_REQUIREMENT_:
Lines from the records below that contain the word "Commit" are to be copied out.

_GIVEN DATA_:
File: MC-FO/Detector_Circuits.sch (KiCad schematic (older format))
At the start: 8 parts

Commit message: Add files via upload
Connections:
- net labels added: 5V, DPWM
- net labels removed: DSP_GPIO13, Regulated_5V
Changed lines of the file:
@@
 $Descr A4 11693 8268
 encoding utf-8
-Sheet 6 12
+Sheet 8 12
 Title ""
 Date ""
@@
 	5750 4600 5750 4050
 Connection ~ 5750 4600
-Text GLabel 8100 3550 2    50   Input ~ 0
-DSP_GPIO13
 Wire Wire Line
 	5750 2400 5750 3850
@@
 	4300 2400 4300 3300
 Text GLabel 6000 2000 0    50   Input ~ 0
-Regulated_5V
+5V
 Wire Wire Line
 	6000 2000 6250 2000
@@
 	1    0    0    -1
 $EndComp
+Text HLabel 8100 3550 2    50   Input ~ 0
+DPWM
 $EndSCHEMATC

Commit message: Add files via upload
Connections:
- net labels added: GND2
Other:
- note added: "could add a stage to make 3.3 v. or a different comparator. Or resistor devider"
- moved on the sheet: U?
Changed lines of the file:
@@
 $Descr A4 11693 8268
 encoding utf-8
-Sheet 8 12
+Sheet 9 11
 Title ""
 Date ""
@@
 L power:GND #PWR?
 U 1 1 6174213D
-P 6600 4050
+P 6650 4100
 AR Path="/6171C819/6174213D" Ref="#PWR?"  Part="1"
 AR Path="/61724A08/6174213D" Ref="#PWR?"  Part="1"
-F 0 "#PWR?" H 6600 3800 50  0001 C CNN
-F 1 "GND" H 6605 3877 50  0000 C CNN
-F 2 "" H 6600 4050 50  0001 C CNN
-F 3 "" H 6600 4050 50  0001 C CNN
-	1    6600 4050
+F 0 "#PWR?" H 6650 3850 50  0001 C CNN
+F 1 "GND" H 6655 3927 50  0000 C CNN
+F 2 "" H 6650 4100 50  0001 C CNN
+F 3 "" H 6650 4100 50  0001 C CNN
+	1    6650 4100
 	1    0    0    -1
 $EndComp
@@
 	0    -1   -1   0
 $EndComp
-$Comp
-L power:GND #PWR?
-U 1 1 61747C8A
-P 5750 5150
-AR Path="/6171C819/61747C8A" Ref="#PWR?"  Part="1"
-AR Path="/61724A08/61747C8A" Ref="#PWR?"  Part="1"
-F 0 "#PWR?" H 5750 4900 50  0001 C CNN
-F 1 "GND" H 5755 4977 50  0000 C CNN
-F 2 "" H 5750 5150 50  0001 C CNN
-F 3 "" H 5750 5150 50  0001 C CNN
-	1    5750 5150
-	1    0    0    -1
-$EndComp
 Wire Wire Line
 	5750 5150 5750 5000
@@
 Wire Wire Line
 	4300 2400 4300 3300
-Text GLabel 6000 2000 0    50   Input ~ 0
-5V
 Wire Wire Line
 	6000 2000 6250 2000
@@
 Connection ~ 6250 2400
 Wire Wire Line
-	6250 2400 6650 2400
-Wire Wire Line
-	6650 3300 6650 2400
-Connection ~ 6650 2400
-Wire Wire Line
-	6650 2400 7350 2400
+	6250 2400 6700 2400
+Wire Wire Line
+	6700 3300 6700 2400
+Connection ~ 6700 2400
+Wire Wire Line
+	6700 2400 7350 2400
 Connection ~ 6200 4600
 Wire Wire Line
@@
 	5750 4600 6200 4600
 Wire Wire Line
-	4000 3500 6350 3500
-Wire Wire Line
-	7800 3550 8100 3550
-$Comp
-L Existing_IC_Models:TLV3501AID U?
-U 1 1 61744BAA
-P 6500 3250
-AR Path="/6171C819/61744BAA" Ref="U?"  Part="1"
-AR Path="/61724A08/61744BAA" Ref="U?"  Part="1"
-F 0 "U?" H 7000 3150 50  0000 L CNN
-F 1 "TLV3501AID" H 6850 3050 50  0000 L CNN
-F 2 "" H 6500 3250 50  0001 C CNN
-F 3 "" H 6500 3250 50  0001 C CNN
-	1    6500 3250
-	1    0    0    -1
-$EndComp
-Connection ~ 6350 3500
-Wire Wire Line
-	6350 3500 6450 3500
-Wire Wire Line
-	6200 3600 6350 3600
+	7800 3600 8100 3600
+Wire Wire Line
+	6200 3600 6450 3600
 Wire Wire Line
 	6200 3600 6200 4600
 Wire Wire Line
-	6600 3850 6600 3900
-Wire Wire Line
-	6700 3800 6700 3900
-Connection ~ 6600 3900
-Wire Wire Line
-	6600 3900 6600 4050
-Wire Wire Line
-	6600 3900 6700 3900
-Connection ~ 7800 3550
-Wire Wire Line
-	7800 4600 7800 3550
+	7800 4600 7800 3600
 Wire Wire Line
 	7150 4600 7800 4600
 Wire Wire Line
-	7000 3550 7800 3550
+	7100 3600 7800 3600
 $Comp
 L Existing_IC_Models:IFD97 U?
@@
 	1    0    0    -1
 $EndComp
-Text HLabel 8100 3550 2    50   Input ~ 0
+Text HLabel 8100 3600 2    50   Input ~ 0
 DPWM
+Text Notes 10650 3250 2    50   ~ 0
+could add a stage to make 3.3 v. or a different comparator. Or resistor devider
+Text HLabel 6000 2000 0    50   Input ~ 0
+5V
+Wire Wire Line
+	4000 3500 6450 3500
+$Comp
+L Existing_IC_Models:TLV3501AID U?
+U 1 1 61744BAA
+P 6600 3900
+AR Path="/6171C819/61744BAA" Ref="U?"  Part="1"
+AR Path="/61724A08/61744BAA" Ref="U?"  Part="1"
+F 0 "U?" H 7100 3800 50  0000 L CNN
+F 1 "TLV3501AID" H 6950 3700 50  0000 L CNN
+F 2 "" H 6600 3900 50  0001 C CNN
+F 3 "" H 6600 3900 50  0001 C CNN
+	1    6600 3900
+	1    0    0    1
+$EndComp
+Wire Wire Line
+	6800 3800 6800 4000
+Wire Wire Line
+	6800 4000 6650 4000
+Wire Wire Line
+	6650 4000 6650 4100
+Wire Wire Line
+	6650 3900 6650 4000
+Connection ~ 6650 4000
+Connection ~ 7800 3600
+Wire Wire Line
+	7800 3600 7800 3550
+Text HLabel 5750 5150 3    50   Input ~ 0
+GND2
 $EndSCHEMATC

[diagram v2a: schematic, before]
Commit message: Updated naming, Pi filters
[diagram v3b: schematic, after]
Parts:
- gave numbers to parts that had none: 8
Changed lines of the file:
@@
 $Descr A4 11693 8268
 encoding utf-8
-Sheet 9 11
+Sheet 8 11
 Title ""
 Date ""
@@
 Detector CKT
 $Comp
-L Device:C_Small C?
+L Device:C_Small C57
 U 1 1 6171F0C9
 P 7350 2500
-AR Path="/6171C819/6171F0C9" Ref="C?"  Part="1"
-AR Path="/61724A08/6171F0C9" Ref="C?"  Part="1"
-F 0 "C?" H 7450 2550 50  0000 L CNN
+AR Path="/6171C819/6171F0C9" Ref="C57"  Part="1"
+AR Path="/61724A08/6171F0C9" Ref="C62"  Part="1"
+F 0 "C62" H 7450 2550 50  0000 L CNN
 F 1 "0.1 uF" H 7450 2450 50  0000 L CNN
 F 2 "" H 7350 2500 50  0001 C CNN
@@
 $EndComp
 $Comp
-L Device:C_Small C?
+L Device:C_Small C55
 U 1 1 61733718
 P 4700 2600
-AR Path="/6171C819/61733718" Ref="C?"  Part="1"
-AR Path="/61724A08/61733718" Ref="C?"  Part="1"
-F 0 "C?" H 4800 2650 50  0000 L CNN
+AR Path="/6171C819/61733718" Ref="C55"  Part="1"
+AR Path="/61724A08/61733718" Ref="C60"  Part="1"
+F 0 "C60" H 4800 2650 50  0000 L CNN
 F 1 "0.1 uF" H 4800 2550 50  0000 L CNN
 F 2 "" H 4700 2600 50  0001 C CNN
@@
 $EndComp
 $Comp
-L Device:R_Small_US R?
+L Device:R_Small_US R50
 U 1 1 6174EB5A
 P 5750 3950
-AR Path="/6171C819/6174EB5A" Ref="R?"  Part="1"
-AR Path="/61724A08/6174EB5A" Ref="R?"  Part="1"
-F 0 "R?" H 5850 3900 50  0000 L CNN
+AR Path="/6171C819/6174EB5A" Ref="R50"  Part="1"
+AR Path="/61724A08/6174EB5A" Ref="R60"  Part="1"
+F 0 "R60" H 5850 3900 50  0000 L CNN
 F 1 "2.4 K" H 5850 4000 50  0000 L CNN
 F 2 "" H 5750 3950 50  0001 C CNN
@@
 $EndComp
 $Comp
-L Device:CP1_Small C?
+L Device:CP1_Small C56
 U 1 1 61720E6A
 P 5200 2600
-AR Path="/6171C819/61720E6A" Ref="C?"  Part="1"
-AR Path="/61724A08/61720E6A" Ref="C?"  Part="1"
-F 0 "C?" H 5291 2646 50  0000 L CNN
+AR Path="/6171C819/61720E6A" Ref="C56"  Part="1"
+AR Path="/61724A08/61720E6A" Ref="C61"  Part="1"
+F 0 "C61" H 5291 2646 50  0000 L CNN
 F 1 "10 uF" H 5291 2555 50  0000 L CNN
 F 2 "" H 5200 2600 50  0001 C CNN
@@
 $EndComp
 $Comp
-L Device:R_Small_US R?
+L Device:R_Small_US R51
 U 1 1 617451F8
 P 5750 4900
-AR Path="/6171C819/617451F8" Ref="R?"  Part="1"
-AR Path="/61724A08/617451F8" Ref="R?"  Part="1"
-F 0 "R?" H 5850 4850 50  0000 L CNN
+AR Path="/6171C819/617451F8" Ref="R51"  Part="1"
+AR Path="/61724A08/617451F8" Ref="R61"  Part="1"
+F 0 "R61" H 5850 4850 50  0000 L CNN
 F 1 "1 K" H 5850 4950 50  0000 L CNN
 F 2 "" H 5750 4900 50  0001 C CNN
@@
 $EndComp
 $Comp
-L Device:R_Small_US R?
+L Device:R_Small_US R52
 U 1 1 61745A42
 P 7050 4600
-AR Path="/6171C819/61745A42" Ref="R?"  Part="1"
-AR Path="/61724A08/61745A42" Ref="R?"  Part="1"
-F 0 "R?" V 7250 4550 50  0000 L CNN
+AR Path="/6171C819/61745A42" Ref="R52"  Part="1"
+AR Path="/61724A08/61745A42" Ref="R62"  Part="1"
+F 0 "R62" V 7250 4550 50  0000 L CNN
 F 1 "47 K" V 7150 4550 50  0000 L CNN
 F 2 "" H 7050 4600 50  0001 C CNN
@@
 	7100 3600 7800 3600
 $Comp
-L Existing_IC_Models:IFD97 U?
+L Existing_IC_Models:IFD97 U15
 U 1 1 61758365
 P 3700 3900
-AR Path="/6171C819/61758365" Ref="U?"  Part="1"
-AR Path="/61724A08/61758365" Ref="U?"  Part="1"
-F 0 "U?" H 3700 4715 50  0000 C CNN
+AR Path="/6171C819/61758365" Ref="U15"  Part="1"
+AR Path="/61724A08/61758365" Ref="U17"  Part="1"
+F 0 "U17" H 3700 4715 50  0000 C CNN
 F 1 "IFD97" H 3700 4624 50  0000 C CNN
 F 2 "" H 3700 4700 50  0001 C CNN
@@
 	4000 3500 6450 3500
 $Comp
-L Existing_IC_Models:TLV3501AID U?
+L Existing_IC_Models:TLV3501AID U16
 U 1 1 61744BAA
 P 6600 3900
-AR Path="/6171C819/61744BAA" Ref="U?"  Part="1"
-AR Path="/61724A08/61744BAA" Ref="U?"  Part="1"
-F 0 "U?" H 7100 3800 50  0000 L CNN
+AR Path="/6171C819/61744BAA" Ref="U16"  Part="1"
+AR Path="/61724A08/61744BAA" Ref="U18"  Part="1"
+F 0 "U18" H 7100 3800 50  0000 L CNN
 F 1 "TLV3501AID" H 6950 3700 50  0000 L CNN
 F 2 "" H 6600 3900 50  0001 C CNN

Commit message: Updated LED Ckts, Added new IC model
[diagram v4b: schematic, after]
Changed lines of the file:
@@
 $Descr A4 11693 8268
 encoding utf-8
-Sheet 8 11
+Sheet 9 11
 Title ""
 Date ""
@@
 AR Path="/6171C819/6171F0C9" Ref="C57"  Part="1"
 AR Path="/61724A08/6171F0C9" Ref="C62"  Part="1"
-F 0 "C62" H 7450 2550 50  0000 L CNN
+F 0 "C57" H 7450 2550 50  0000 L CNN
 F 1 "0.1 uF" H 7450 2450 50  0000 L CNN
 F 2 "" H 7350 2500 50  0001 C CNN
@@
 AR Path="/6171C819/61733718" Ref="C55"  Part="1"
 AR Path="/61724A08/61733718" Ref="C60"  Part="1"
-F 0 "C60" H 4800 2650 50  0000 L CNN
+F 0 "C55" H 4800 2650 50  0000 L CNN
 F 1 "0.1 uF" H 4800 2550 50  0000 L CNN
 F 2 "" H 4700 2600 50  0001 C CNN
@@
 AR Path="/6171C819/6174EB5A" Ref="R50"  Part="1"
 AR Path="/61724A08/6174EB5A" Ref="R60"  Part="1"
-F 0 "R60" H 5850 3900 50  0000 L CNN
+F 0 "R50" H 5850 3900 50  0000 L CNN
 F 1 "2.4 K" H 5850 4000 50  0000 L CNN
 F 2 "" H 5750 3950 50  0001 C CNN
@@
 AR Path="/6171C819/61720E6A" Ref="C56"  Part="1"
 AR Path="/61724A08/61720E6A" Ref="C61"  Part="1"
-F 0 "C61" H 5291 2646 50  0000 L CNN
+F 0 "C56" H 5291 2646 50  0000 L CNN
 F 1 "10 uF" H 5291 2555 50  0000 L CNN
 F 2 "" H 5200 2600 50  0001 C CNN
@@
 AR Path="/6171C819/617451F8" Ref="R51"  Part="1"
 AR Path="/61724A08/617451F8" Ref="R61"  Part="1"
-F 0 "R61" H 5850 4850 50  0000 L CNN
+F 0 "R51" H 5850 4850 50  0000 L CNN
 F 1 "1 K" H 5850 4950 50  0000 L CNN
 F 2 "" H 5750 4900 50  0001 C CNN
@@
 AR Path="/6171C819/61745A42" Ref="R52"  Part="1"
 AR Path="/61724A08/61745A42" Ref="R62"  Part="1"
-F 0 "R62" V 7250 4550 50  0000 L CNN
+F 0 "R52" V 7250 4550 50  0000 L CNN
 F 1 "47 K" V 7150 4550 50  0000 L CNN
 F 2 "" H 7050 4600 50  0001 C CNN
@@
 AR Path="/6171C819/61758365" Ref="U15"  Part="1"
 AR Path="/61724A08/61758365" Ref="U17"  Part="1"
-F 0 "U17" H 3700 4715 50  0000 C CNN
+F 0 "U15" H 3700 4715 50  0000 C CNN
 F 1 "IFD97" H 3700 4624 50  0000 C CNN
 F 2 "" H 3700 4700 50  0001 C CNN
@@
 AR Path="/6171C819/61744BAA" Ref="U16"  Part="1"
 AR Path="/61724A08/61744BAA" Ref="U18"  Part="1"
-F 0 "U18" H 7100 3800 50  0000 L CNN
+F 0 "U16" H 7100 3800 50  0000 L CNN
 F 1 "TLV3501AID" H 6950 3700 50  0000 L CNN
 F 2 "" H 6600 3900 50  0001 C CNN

_RESULT OF THE TASK_:
Commit message: Add files via upload
Commit message: Add files via upload
Commit message: Updated naming, Pi filters
Commit message: Updated LED Ckts, Added new IC model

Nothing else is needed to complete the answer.